В один прекрасный день он оказался владельцем четырех домов, так как, не перебравшись пока что в Тоскану, он все же хотел отдыхать где-то по выходным и купил в Гелдерланде маленькую ферму, на которую когда-то указал ему Де Грааф. Саския и Сандра, конечно, тоже могли туда приезжать, так же как и в тосканский дом, если удавалось организовать отпуска в разное время.
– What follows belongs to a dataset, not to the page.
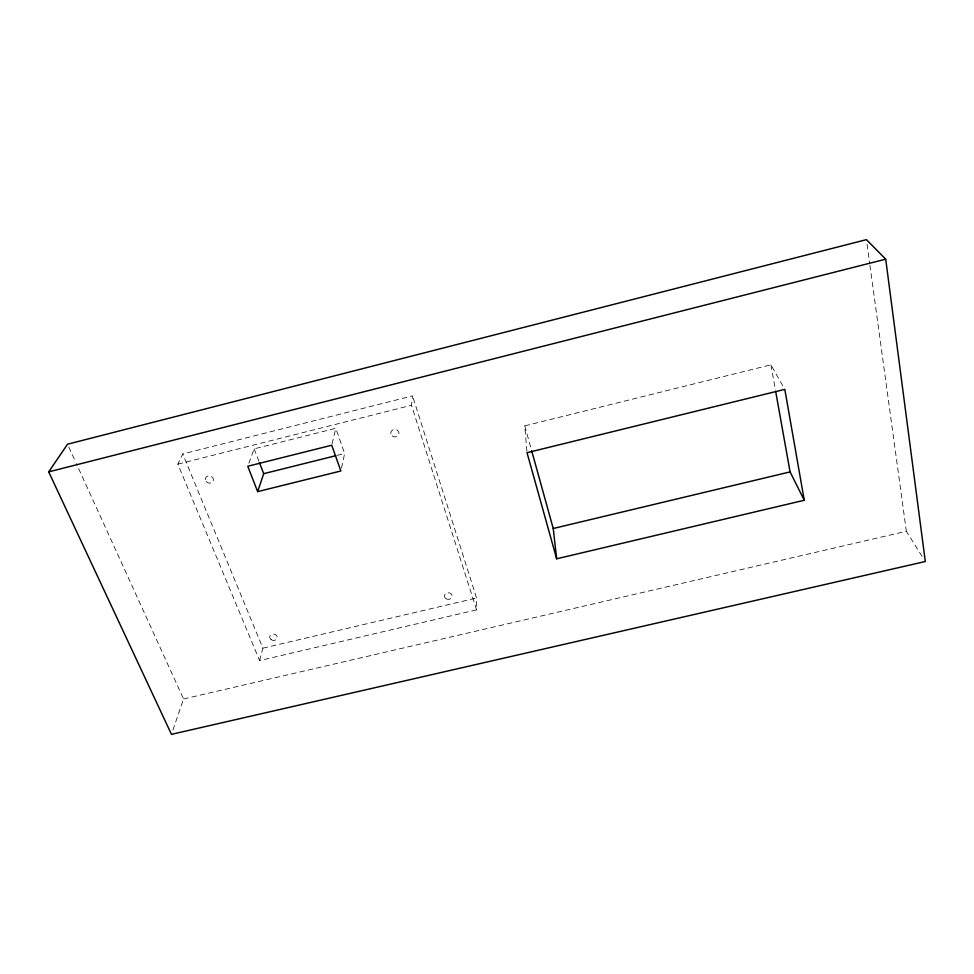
<?xml version="1.0" encoding="UTF-8"?>
<svg xmlns="http://www.w3.org/2000/svg" width="974" height="974" viewBox="0 0 974 974"><rect width="100%" height="100%" fill="white"/><g stroke="black" fill="none" stroke-linecap="round" stroke-linejoin="round"><path stroke-width="0.73" stroke-dasharray="4.87 3.65" d="M476.578 609.858L411.478 405.257L412.55 395.858L182.747 453.945L177.84 464.135L259.595 660.579L476.578 609.858L476.566 598.012L412.55 395.858M341.497 468.08L344.638 453.494L335.811 428.292L254.153 448.844L248.747 463.575M332.085 443.815L335.811 428.292M259.595 660.579L262.883 648.173L182.747 453.945M172.909 730.098L183.562 698.979L76.349 463.6M177.84 464.135L411.478 405.257M337.272 455.333L344.638 453.494M526.897 451.218L524.767 425.857L770.909 364.824L783.352 386.775M262.883 648.173L476.566 598.012M183.562 698.979L906.356 531.268L922.926 557.725M68.789 446.993L75.716 462.224M254.153 448.844L258.926 461.262M524.767 425.857L531.268 449.318M770.909 364.824L775.438 390.111M867.043 244.17L869.709 263.711M869.916 265.208L906.356 531.268M206.269 481.57A4.115 3.555 19.6 0 0 213.209 481.107A4.115 3.555 19.6 0 0 208.728 475.909A4.115 3.555 19.6 0 0 206.269 481.57M271.064 639.553A3.823 3.178 10.7 0 0 277.237 637.97A3.823 3.178 10.7 0 0 272.148 634.171A3.823 3.178 10.7 0 0 271.064 639.553M446.116 598.754A3.835 3.299 1.6 0 0 452.131 596.368A3.835 3.299 1.6 0 0 446.676 593.069A3.835 3.299 1.6 0 0 446.116 598.754M392.145 435.877A4.103 3.738 9 0 0 398.89 434.027A4.103 3.738 9 0 0 393.606 429.558A4.103 3.738 9 0 0 392.145 435.877"/><path stroke-width="1.46" d="M257.647 491.627L247.761 466.254L331.744 445.228L340.863 470.99L257.647 491.627L263.698 473.681L259.449 462.638M48.7 471.866L67.523 444.217L866.422 239.653L885.707 259.181L925.3 561.511L171.461 734.347L48.7 471.866L885.707 259.181M263.698 473.681L335.799 455.698M556.665 558.796L553.232 528.505L790.084 471.903L804.268 500.259L556.665 558.796L527.019 452.703L784.813 389.369L804.268 500.259M531.682 450.792L553.232 528.505M775.706 391.597L790.084 471.903"/></g></svg>

Саския вышла замуж за музыканта, гобоиста международного класса, который был немного моложе ее, обладал запасом здорового юмора, имел, как и она, ребенка от предыдущего брака и коллекционировал, как Антон, собственные дома. (Г-жа Де Грааф не слишком радовалась этому браку; но Саския всегда отличалась от своих подруг — девушек в плиссированных юбках, туфлях на низком каблуке, шелковых платках на шее и жемчужных ожерельях, которые знали лишь о том, что принадлежат к определенному сословию, но почти ничего сверх этого.) Только раз они отправились в отпуск в Италию вчетвером, плюс трое детей. И если там проявлялось каким-то образом все еще существовавшее между Антоном и Саскией взаимопонимание, Лисбет иногда злилась, а муж Саскии смеялся над этим: он очень хорошо понимал, что именно взаимопонимание способствовало их разрыву. Лисбет, самая младшая из четверых, не во всем разбиралась, но в то же время в чем-то превосходила их всех. Со временем ее стали называть «Мамой», что доставляло Антону удовольствие.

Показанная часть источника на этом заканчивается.